In the ads we see a variety of men who, on realising the folly of their superficial actions, such as buying ridiculous pina coladas, having their man boobs reduced or getting a fake tan, break down and cry in front of their mates. In public, no less.
What marks these ads out is that for once rather than lampoon the unfortunate man, his mates comfort him, a refreshing twist on mateship, which is core to the marketing of regular beer and which usually descends into the usual tiresome blokefest.
As David Nobay of VB's ad agency, Droga5, points out: ''Historically, beer advertising usually involves a victim. It wasn't about inclusivity but about exclusivity ... real mateship is not about laughing at your mate but welcoming him back into the fold.''
''So what?'' I hear you say. We've had metrosexuals, retrosexuals, New Age men and buddy movies for years.
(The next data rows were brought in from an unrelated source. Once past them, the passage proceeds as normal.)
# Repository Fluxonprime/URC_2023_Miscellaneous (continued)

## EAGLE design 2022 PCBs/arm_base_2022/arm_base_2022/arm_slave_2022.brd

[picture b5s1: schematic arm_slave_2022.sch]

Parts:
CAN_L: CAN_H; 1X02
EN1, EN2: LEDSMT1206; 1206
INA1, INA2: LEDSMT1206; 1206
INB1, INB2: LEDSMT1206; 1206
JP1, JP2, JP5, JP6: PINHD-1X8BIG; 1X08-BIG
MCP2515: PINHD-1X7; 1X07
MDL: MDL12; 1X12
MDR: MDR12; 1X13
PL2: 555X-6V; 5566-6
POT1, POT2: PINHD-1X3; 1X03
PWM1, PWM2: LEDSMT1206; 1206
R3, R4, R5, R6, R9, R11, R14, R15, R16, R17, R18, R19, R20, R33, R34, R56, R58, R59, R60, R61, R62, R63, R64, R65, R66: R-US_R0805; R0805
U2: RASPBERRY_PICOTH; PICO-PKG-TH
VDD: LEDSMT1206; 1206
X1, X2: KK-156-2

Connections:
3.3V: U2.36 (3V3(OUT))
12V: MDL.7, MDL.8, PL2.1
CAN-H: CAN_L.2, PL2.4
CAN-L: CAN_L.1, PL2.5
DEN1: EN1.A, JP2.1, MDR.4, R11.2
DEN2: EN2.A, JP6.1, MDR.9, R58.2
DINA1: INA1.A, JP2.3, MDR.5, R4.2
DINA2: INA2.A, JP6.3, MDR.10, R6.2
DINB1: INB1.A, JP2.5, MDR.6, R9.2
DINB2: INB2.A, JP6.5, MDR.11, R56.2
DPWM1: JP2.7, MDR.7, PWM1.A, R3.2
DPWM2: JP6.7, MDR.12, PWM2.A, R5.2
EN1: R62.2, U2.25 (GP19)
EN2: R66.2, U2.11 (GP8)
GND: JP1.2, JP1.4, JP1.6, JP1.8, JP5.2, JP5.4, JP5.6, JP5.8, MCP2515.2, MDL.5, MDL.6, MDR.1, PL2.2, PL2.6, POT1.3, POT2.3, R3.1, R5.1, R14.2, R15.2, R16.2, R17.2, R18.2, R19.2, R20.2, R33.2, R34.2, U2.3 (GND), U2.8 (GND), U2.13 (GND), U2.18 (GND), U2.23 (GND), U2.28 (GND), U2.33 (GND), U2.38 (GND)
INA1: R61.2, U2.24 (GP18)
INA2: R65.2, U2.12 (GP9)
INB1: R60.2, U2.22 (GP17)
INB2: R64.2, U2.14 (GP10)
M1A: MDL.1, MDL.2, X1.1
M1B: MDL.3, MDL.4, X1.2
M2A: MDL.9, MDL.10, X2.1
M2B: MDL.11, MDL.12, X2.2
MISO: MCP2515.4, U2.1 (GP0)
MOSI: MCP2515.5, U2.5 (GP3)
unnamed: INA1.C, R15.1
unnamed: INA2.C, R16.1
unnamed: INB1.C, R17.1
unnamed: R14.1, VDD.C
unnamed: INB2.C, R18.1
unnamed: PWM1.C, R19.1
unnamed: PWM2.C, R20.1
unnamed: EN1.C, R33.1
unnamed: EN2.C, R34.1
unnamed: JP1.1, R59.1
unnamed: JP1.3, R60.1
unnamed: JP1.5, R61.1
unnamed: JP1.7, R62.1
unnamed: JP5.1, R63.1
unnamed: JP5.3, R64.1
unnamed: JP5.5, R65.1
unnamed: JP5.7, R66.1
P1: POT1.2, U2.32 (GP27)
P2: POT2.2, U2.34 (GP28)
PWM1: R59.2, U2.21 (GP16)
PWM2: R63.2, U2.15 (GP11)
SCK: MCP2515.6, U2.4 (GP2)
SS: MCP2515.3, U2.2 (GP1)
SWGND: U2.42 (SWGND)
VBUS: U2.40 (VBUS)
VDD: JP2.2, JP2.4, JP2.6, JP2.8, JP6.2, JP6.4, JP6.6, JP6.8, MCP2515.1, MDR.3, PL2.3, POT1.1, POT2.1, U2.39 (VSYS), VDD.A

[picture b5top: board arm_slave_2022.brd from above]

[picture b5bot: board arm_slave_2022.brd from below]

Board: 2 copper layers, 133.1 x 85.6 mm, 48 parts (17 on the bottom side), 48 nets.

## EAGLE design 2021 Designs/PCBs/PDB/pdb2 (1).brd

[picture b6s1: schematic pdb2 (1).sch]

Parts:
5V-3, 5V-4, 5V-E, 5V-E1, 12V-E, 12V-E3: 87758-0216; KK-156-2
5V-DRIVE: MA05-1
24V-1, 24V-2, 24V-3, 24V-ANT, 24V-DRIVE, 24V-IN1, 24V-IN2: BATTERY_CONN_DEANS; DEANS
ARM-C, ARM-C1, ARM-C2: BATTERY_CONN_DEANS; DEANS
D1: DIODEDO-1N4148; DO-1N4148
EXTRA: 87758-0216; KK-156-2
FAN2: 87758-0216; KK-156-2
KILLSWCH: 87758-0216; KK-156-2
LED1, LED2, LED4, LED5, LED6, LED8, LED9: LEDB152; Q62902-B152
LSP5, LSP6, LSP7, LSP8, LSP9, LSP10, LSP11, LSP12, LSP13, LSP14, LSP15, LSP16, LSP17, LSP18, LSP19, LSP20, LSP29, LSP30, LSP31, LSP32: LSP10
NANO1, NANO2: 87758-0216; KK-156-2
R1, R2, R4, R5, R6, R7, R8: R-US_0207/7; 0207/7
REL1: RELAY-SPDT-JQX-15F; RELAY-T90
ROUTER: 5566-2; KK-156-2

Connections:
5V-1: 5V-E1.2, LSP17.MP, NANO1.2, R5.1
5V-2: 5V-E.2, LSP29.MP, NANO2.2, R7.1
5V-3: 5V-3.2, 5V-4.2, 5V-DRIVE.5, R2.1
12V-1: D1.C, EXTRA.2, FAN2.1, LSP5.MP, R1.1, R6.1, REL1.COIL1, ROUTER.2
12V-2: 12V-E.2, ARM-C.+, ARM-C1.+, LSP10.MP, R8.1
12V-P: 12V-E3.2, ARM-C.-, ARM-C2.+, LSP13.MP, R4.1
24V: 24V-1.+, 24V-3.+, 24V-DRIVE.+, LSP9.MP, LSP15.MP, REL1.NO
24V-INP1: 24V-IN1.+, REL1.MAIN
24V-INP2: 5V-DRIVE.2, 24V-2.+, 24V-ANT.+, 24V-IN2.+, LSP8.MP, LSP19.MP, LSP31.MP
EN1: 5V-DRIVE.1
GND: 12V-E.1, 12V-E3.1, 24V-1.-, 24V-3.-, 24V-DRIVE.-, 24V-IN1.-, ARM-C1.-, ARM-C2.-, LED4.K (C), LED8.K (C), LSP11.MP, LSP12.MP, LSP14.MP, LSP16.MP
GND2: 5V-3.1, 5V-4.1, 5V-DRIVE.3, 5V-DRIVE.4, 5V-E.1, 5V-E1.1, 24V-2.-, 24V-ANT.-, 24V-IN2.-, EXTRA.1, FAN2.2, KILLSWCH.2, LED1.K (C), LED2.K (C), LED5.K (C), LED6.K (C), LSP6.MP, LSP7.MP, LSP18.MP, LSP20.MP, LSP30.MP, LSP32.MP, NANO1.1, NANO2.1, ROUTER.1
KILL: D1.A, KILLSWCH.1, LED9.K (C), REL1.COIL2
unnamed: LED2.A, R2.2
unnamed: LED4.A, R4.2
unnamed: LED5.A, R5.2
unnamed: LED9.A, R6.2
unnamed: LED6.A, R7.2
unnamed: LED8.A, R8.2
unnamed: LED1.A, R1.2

VB is simply playing catch-up with the onward march of the Australian male.
The likes of David Boon and Merv Hughes have been replaced by Michael Clarke and David Beckham as today's role models.
The last time VB's Hard-Earned Thirst ads resonated was in the 1980s, when the image of the hard-working Aussie male was a welcome foil to the blight of white shoes and corporate hucksters such as Christopher Skase.
Since then, it has been nothing but an albatross around the neck of Carlton and United Breweries, which up until now has not had the guts to stray from it.
It is often said that advertising is a reflection of society, but in this case it is the rear-view mirror in which we are looking, and while that gives CUB some certainty about VB's place in the past, it does not necessarily give it any surety about the road ahead.